- To do
Within this material, find every line where the string "Entrada" appears, and copy it out.

- Supplied material
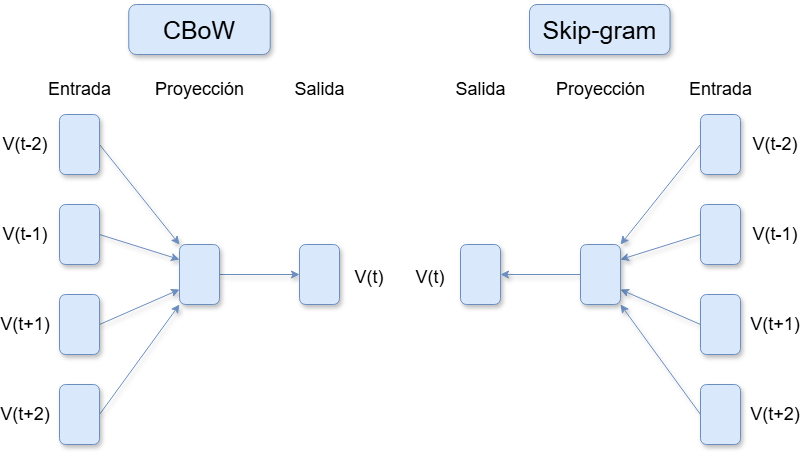

The diagram above was exported from draw.io. Its source (the exported page's mxGraphModel, read from the mxfile embedded in the PNG):
<mxGraphModel dx="1434" dy="738" grid="1" gridSize="10" guides="1" tooltips="1" connect="1" arrows="1" fold="1" page="1" pageScale="1" pageWidth="827" pageHeight="1169" math="0" shadow="0">
  <root>
    <mxCell id="0" />
    <mxCell id="1" parent="0" />
    <mxCell id="Q5WQYFpW5b1nxFH8i_mx-13" style="rounded=0;orthogonalLoop=1;jettySize=auto;html=1;exitX=1;exitY=0.5;exitDx=0;exitDy=0;entryX=0;entryY=0;entryDx=0;entryDy=0;fillColor=#dae8fc;strokeColor=#6c8ebf;shadow=1;" edge="1" parent="1" source="Q5WQYFpW5b1nxFH8i_mx-1" target="Q5WQYFpW5b1nxFH8i_mx-5">
      <mxGeometry relative="1" as="geometry" />
    </mxCell>
    <mxCell id="Q5WQYFpW5b1nxFH8i_mx-1" value="" style="rounded=1;whiteSpace=wrap;html=1;fillColor=#dae8fc;strokeColor=#6c8ebf;shadow=1;" vertex="1" parent="1">
      <mxGeometry x="79" y="120" width="40" height="60" as="geometry" />
    </mxCell>
    <mxCell id="Q5WQYFpW5b1nxFH8i_mx-14" style="rounded=0;orthogonalLoop=1;jettySize=auto;html=1;exitX=1;exitY=0.5;exitDx=0;exitDy=0;entryX=0;entryY=0.25;entryDx=0;entryDy=0;fillColor=#dae8fc;strokeColor=#6c8ebf;shadow=1;" edge="1" parent="1" source="Q5WQYFpW5b1nxFH8i_mx-2" target="Q5WQYFpW5b1nxFH8i_mx-5">
      <mxGeometry relative="1" as="geometry" />
    </mxCell>
    <mxCell id="Q5WQYFpW5b1nxFH8i_mx-2" value="" style="rounded=1;whiteSpace=wrap;html=1;fillColor=#dae8fc;strokeColor=#6c8ebf;shadow=1;" vertex="1" parent="1">
      <mxGeometry x="79" y="210" width="40" height="60" as="geometry" />
    </mxCell>
    <mxCell id="Q5WQYFpW5b1nxFH8i_mx-15" style="rounded=0;orthogonalLoop=1;jettySize=auto;html=1;exitX=1;exitY=0.5;exitDx=0;exitDy=0;entryX=0;entryY=0.75;entryDx=0;entryDy=0;fillColor=#dae8fc;strokeColor=#6c8ebf;shadow=1;" edge="1" parent="1" source="Q5WQYFpW5b1nxFH8i_mx-3" target="Q5WQYFpW5b1nxFH8i_mx-5">
      <mxGeometry relative="1" as="geometry" />
    </mxCell>
    <mxCell id="Q5WQYFpW5b1nxFH8i_mx-3" value="" style="rounded=1;whiteSpace=wrap;html=1;fillColor=#dae8fc;strokeColor=#6c8ebf;shadow=1;" vertex="1" parent="1">
      <mxGeometry x="79" y="300" width="40" height="60" as="geometry" />
    </mxCell>
    <mxCell id="Q5WQYFpW5b1nxFH8i_mx-16" style="rounded=0;orthogonalLoop=1;jettySize=auto;html=1;exitX=1;exitY=0.5;exitDx=0;exitDy=0;entryX=0;entryY=1;entryDx=0;entryDy=0;fillColor=#dae8fc;strokeColor=#6c8ebf;shadow=1;" edge="1" parent="1" source="Q5WQYFpW5b1nxFH8i_mx-4" target="Q5WQYFpW5b1nxFH8i_mx-5">
      <mxGeometry relative="1" as="geometry" />
    </mxCell>
    <mxCell id="Q5WQYFpW5b1nxFH8i_mx-4" value="" style="rounded=1;whiteSpace=wrap;html=1;fillColor=#dae8fc;strokeColor=#6c8ebf;shadow=1;" vertex="1" parent="1">
      <mxGeometry x="79" y="390" width="40" height="60" as="geometry" />
    </mxCell>
    <mxCell id="Q5WQYFpW5b1nxFH8i_mx-17" style="rounded=0;orthogonalLoop=1;jettySize=auto;html=1;exitX=1;exitY=0.5;exitDx=0;exitDy=0;entryX=0;entryY=0.5;entryDx=0;entryDy=0;shadow=1;fillColor=#dae8fc;strokeColor=#6c8ebf;" edge="1" parent="1" source="Q5WQYFpW5b1nxFH8i_mx-5" target="Q5WQYFpW5b1nxFH8i_mx-6">
      <mxGeometry relative="1" as="geometry" />
    </mxCell>
    <mxCell id="Q5WQYFpW5b1nxFH8i_mx-5" value="" style="rounded=1;whiteSpace=wrap;html=1;fillColor=#dae8fc;strokeColor=#6c8ebf;shadow=1;" vertex="1" parent="1">
      <mxGeometry x="199" y="250" width="40" height="60" as="geometry" />
    </mxCell>
    <mxCell id="Q5WQYFpW5b1nxFH8i_mx-6" value="" style="rounded=1;whiteSpace=wrap;html=1;fillColor=#dae8fc;strokeColor=#6c8ebf;shadow=1;" vertex="1" parent="1">
      <mxGeometry x="319" y="250" width="40" height="60" as="geometry" />
    </mxCell>
    <mxCell id="Q5WQYFpW5b1nxFH8i_mx-18" style="rounded=0;orthogonalLoop=1;jettySize=auto;html=1;exitX=0;exitY=0.5;exitDx=0;exitDy=0;entryX=1;entryY=0;entryDx=0;entryDy=0;fillColor=#dae8fc;strokeColor=#6c8ebf;shadow=1;" edge="1" parent="1" source="Q5WQYFpW5b1nxFH8i_mx-7" target="Q5WQYFpW5b1nxFH8i_mx-12">
      <mxGeometry relative="1" as="geometry" />
    </mxCell>
    <mxCell id="Q5WQYFpW5b1nxFH8i_mx-7" value="" style="rounded=1;whiteSpace=wrap;html=1;fillColor=#dae8fc;strokeColor=#6c8ebf;shadow=1;" vertex="1" parent="1">
      <mxGeometry x="720" y="120" width="40" height="60" as="geometry" />
    </mxCell>
    <mxCell id="Q5WQYFpW5b1nxFH8i_mx-19" style="rounded=0;orthogonalLoop=1;jettySize=auto;html=1;exitX=0;exitY=0.5;exitDx=0;exitDy=0;entryX=1;entryY=0.25;entryDx=0;entryDy=0;fillColor=#dae8fc;strokeColor=#6c8ebf;shadow=1;" edge="1" parent="1" source="Q5WQYFpW5b1nxFH8i_mx-8" target="Q5WQYFpW5b1nxFH8i_mx-12">
      <mxGeometry relative="1" as="geometry" />
    </mxCell>
    <mxCell id="Q5WQYFpW5b1nxFH8i_mx-8" value="" style="rounded=1;whiteSpace=wrap;html=1;fillColor=#dae8fc;strokeColor=#6c8ebf;shadow=1;" vertex="1" parent="1">
      <mxGeometry x="720" y="210" width="40" height="60" as="geometry" />
    </mxCell>
    <mxCell id="Q5WQYFpW5b1nxFH8i_mx-21" style="rounded=0;orthogonalLoop=1;jettySize=auto;html=1;exitX=0;exitY=0.5;exitDx=0;exitDy=0;entryX=1;entryY=0.75;entryDx=0;entryDy=0;fillColor=#dae8fc;strokeColor=#6c8ebf;shadow=1;" edge="1" parent="1" source="Q5WQYFpW5b1nxFH8i_mx-9" target="Q5WQYFpW5b1nxFH8i_mx-12">
      <mxGeometry relative="1" as="geometry" />
    </mxCell>
    <mxCell id="Q5WQYFpW5b1nxFH8i_mx-9" value="" style="rounded=1;whiteSpace=wrap;html=1;fillColor=#dae8fc;strokeColor=#6c8ebf;shadow=1;" vertex="1" parent="1">
      <mxGeometry x="720" y="300" width="40" height="60" as="geometry" />
    </mxCell>
    <mxCell id="Q5WQYFpW5b1nxFH8i_mx-22" style="rounded=0;orthogonalLoop=1;jettySize=auto;html=1;exitX=0;exitY=0.5;exitDx=0;exitDy=0;entryX=1;entryY=1;entryDx=0;entryDy=0;fillColor=#dae8fc;strokeColor=#6c8ebf;shadow=1;" edge="1" parent="1" source="Q5WQYFpW5b1nxFH8i_mx-10" target="Q5WQYFpW5b1nxFH8i_mx-12">
      <mxGeometry relative="1" as="geometry">
        <mxPoint x="640" y="280" as="targetPoint" />
      </mxGeometry>
    </mxCell>
    <mxCell id="Q5WQYFpW5b1nxFH8i_mx-10" value="" style="rounded=1;whiteSpace=wrap;html=1;fillColor=#dae8fc;strokeColor=#6c8ebf;shadow=1;" vertex="1" parent="1">
      <mxGeometry x="720" y="390" width="40" height="60" as="geometry" />
    </mxCell>
    <mxCell id="Q5WQYFpW5b1nxFH8i_mx-11" value="" style="rounded=1;whiteSpace=wrap;html=1;fillColor=#dae8fc;strokeColor=#6c8ebf;shadow=1;" vertex="1" parent="1">
      <mxGeometry x="480" y="250" width="40" height="60" as="geometry" />
    </mxCell>
    <mxCell id="Q5WQYFpW5b1nxFH8i_mx-23" style="edgeStyle=orthogonalEdgeStyle;rounded=0;orthogonalLoop=1;jettySize=auto;html=1;exitX=0;exitY=0.5;exitDx=0;exitDy=0;entryX=1;entryY=0.5;entryDx=0;entryDy=0;fillColor=#dae8fc;strokeColor=#6c8ebf;shadow=1;" edge="1" parent="1" source="Q5WQYFpW5b1nxFH8i_mx-12" target="Q5WQYFpW5b1nxFH8i_mx-11">
      <mxGeometry relative="1" as="geometry" />
    </mxCell>
    <mxCell id="Q5WQYFpW5b1nxFH8i_mx-12" value="" style="rounded=1;whiteSpace=wrap;html=1;fillColor=#dae8fc;strokeColor=#6c8ebf;shadow=1;" vertex="1" parent="1">
      <mxGeometry x="600" y="250" width="40" height="60" as="geometry" />
    </mxCell>
    <mxCell id="Q5WQYFpW5b1nxFH8i_mx-24" value="CBoW" style="text;html=1;align=center;verticalAlign=middle;whiteSpace=wrap;rounded=1;fontSize=25;fillColor=#dae8fc;strokeColor=#6c8ebf;shadow=1;" vertex="1" parent="1">
      <mxGeometry x="148.25" y="10" width="141.5" height="50" as="geometry" />
    </mxCell>
    <mxCell id="Q5WQYFpW5b1nxFH8i_mx-26" value="Entrada" style="text;html=1;align=center;verticalAlign=middle;whiteSpace=wrap;rounded=0;fontSize=18;" vertex="1" parent="1">
      <mxGeometry x="48.5" y="70" width="101" height="50" as="geometry" />
    </mxCell>
    <mxCell id="Q5WQYFpW5b1nxFH8i_mx-27" value="Proyección" style="text;html=1;align=center;verticalAlign=middle;whiteSpace=wrap;rounded=0;fontSize=18;" vertex="1" parent="1">
      <mxGeometry x="168.5" y="70" width="101" height="50" as="geometry" />
    </mxCell>
    <mxCell id="Q5WQYFpW5b1nxFH8i_mx-28" value="Salida" style="text;html=1;align=center;verticalAlign=middle;whiteSpace=wrap;rounded=0;fontSize=18;" vertex="1" parent="1">
      <mxGeometry x="288.5" y="70" width="101" height="50" as="geometry" />
    </mxCell>
    <mxCell id="Q5WQYFpW5b1nxFH8i_mx-29" value="Salida" style="text;html=1;align=center;verticalAlign=middle;whiteSpace=wrap;rounded=0;fontSize=18;" vertex="1" parent="1">
      <mxGeometry x="449.5" y="70" width="101" height="50" as="geometry" />
    </mxCell>
    <mxCell id="Q5WQYFpW5b1nxFH8i_mx-30" value="Proyección" style="text;html=1;align=center;verticalAlign=middle;whiteSpace=wrap;rounded=0;fontSize=18;" vertex="1" parent="1">
      <mxGeometry x="569.5" y="70" width="101" height="50" as="geometry" />
    </mxCell>
    <mxCell id="Q5WQYFpW5b1nxFH8i_mx-31" value="Entrada" style="text;html=1;align=center;verticalAlign=middle;whiteSpace=wrap;rounded=0;fontSize=18;" vertex="1" parent="1">
      <mxGeometry x="689.5" y="70" width="101" height="50" as="geometry" />
    </mxCell>
    <mxCell id="Q5WQYFpW5b1nxFH8i_mx-32" value="V(t-2)" style="text;html=1;align=center;verticalAlign=middle;whiteSpace=wrap;rounded=0;fontSize=18;" vertex="1" parent="1">
      <mxGeometry x="20" y="132.5" width="50" height="35" as="geometry" />
    </mxCell>
    <mxCell id="Q5WQYFpW5b1nxFH8i_mx-33" value="V(t-1)" style="text;html=1;align=center;verticalAlign=middle;whiteSpace=wrap;rounded=0;fontSize=18;" vertex="1" parent="1">
      <mxGeometry x="20" y="222.5" width="50" height="35" as="geometry" />
    </mxCell>
    <mxCell id="Q5WQYFpW5b1nxFH8i_mx-34" value="V(t+1)" style="text;html=1;align=center;verticalAlign=middle;whiteSpace=wrap;rounded=0;fontSize=18;" vertex="1" parent="1">
      <mxGeometry x="20" y="312.5" width="50" height="35" as="geometry" />
    </mxCell>
    <mxCell id="Q5WQYFpW5b1nxFH8i_mx-35" value="V(t+2)" style="text;html=1;align=center;verticalAlign=middle;whiteSpace=wrap;rounded=0;fontSize=18;" vertex="1" parent="1">
      <mxGeometry x="20" y="402.5" width="50" height="35" as="geometry" />
    </mxCell>
    <mxCell id="Q5WQYFpW5b1nxFH8i_mx-38" value="V(t-2)" style="text;html=1;align=center;verticalAlign=middle;whiteSpace=wrap;rounded=0;fontSize=18;" vertex="1" parent="1">
      <mxGeometry x="770" y="132.5" width="50" height="35" as="geometry" />
    </mxCell>
    <mxCell id="Q5WQYFpW5b1nxFH8i_mx-39" value="V(t-1)" style="text;html=1;align=center;verticalAlign=middle;whiteSpace=wrap;rounded=0;fontSize=18;" vertex="1" parent="1">
      <mxGeometry x="770" y="222.5" width="50" height="35" as="geometry" />
    </mxCell>
    <mxCell id="Q5WQYFpW5b1nxFH8i_mx-40" value="V(t+1)" style="text;html=1;align=center;verticalAlign=middle;whiteSpace=wrap;rounded=0;fontSize=18;" vertex="1" parent="1">
      <mxGeometry x="770" y="312.5" width="50" height="35" as="geometry" />
    </mxCell>
    <mxCell id="Q5WQYFpW5b1nxFH8i_mx-41" value="V(t+2)" style="text;html=1;align=center;verticalAlign=middle;whiteSpace=wrap;rounded=0;fontSize=18;" vertex="1" parent="1">
      <mxGeometry x="770" y="402.5" width="50" height="35" as="geometry" />
    </mxCell>
    <mxCell id="Q5WQYFpW5b1nxFH8i_mx-42" value="V(t)" style="text;html=1;align=center;verticalAlign=middle;whiteSpace=wrap;rounded=0;fontSize=18;" vertex="1" parent="1">
      <mxGeometry x="359" y="265" width="60" height="35" as="geometry" />
    </mxCell>
    <mxCell id="Q5WQYFpW5b1nxFH8i_mx-43" value="V(t)" style="text;html=1;align=center;verticalAlign=middle;whiteSpace=wrap;rounded=0;fontSize=18;" vertex="1" parent="1">
      <mxGeometry x="420" y="265" width="60" height="35" as="geometry" />
    </mxCell>
    <mxCell id="Q5WQYFpW5b1nxFH8i_mx-44" value="Skip-gram" style="text;html=1;align=center;verticalAlign=middle;whiteSpace=wrap;rounded=1;fontSize=25;fillColor=#dae8fc;strokeColor=#6c8ebf;shadow=1;" vertex="1" parent="1">
      <mxGeometry x="549" y="10" width="140.5" height="50" as="geometry" />
    </mxCell>
  </root>
</mxGraphModel>

- Exercise solution
    <mxCell id="Q5WQYFpW5b1nxFH8i_mx-26" value="Entrada" style="text;html=1;align=center;verticalAlign=middle;whiteSpace=wrap;rounded=0;fontSize=18;" vertex="1" parent="1">
    <mxCell id="Q5WQYFpW5b1nxFH8i_mx-31" value="Entrada" style="text;html=1;align=center;verticalAlign=middle;whiteSpace=wrap;rounded=0;fontSize=18;" vertex="1" parent="1">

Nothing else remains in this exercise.